2) I used Redline D6 fluid for a drain and refill, no problems so far (V8 engine) -(W12 calls for their D4 fluid) 
3) if you read through the ZF website about this, they sell kits with their fluid, seals, and filters. I just have not found where to buy the kits yet.
4) I will probably search for a ZF kit in the spring. With a drain and fill only, then a filter job a few months later, I should be good to go for a while.


----------



## PanEuropean (Nov 3, 2001)

Hi Cai:

There is a bit more information about approved transmission fluids at the post entitled Changing Transmission Fluid, Checking Transmission Fluid Level.

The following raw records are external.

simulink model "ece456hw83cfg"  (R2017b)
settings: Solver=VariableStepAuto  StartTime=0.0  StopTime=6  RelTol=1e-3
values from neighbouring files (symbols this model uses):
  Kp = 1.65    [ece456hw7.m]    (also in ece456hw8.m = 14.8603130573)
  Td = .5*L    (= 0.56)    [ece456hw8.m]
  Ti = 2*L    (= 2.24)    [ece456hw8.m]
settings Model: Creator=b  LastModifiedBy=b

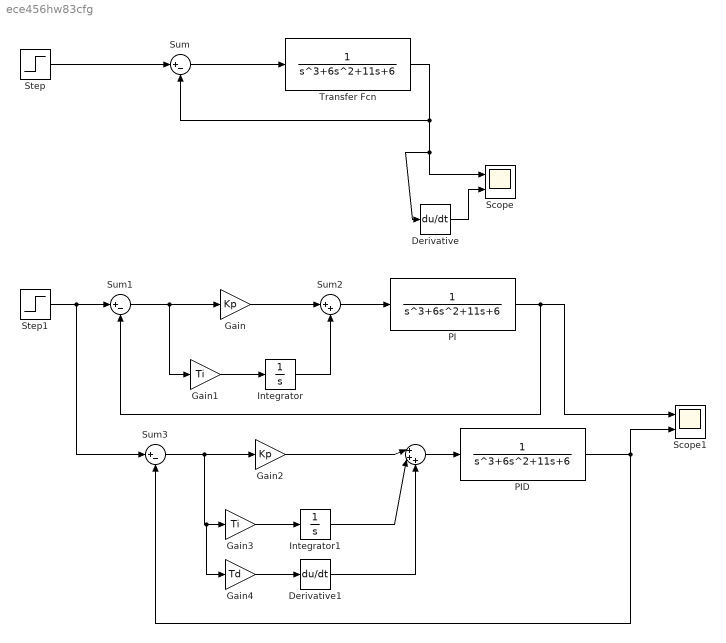
== system ece456hw83cfg ==
  " " : Sum  Inputs=|+++
  Derivative : Derivative
  Derivative1 : Derivative
  Gain : Gain  Gain=Kp
  Gain1 : Gain  Gain=Ti
  Gain2 : Gain  Gain=Kp
  Gain3 : Gain  Gain=Ti
  Gain4 : Gain  Gain=Td
  Integrator : Integrator
  Integrator1 : Integrator
  PI : TransferFcn  Denominator=[1 6 11 6]
  PID : TransferFcn  Denominator=[1 6 11 6]
  Scope : Scope  NumInputPorts=2
  Scope1 : Scope  NumInputPorts=2
  Step : Step  Before=1  SampleTime=0
  Step1 : Step  Before=1  SampleTime=0
  Sum : Sum  Inputs=|+-
  Sum1 : Sum  Inputs=|+-
  Sum2 : Sum  Inputs=|++
  Sum3 : Sum  Inputs=|+-
  Transfer Fcn : TransferFcn  Denominator=[1 6 11 6]
  wires:
  Sum/1 -> Transfer Fcn/1
  Transfer Fcn/1 -> Derivative/1, Scope/1, Sum/2
  Step/1 -> Sum/1
  Derivative/1 -> Scope/2
  Gain1/1 -> Integrator/1
  Sum1/1 -> Gain1/1, Gain/1
  Gain/1 -> Sum2/1
  Integrator/1 -> Sum2/2
  Step1/1 -> Sum3/1, Sum1/1
  Sum3/1 -> Gain4/1, Gain3/1, Gain2/1
  Gain3/1 -> Integrator1/1
  Integrator1/1 -> " "/2
  Gain2/1 -> " "/1
  Gain4/1 -> Derivative1/1
  Derivative1/1 -> " "/3
  Sum2/1 -> PI/1
  PI/1 -> Sum1/2, Scope1/1
  " "/1 -> PID/1
  PID/1 -> Sum3/2, Scope1/2

Although that post is specific about the 5 speed transmission used in cars with the W12 engine, I believe that there are links in that discussion to information about fluids for the 6 speed transmission that is used with the other engines.

As for what fluid to use... I buy the stuff from my VW dealer, and ask the Parts Specialist to look up what is currently recommended in the current version of the VW Repair Manual that is available online at the dealership. I stress the words 'currently recommended' and 'current' repair manual, because fluid specifications change over the years - sometimes fluids are superseded or the spec is actually changed.

The transmission is an awfully expensive part, I don't think it is wise to put any fluid in it that is not explicitly specified by VW (or ZF... but in case of any ambiguity, I'll take VWs spec over ZFs spec).

Michael


----------



## cai (Mar 22, 2009)

Thank you cbh123 and Michael for your answers. I am in the exploratory phase of changing the transmission oil and was not exactly clear as to what was being recommended. Michael brings up a very good point about asking the parts department about current specifications and recommendations. Next time I am there I will ask him for some information. 

cai


----------



## Paximus (Aug 26, 2011)

Bear in mind that currently-recommended ATF might require current-level software in the transmission controller.

Chris


----------



## invisiblewave (Sep 22, 2008)

Tomasty posted chapter and verse on this subject. He spent a lot of time dealing with ZF and VW in Germany to figure it out, it's the most definitive information I've seen posted about the V8 transmission fluid. There's another thread where he has pictures of the fluid change:

_OK lazy people (just kidding),

This is only from my experience and according to my understanding, so please use your own judgment as well.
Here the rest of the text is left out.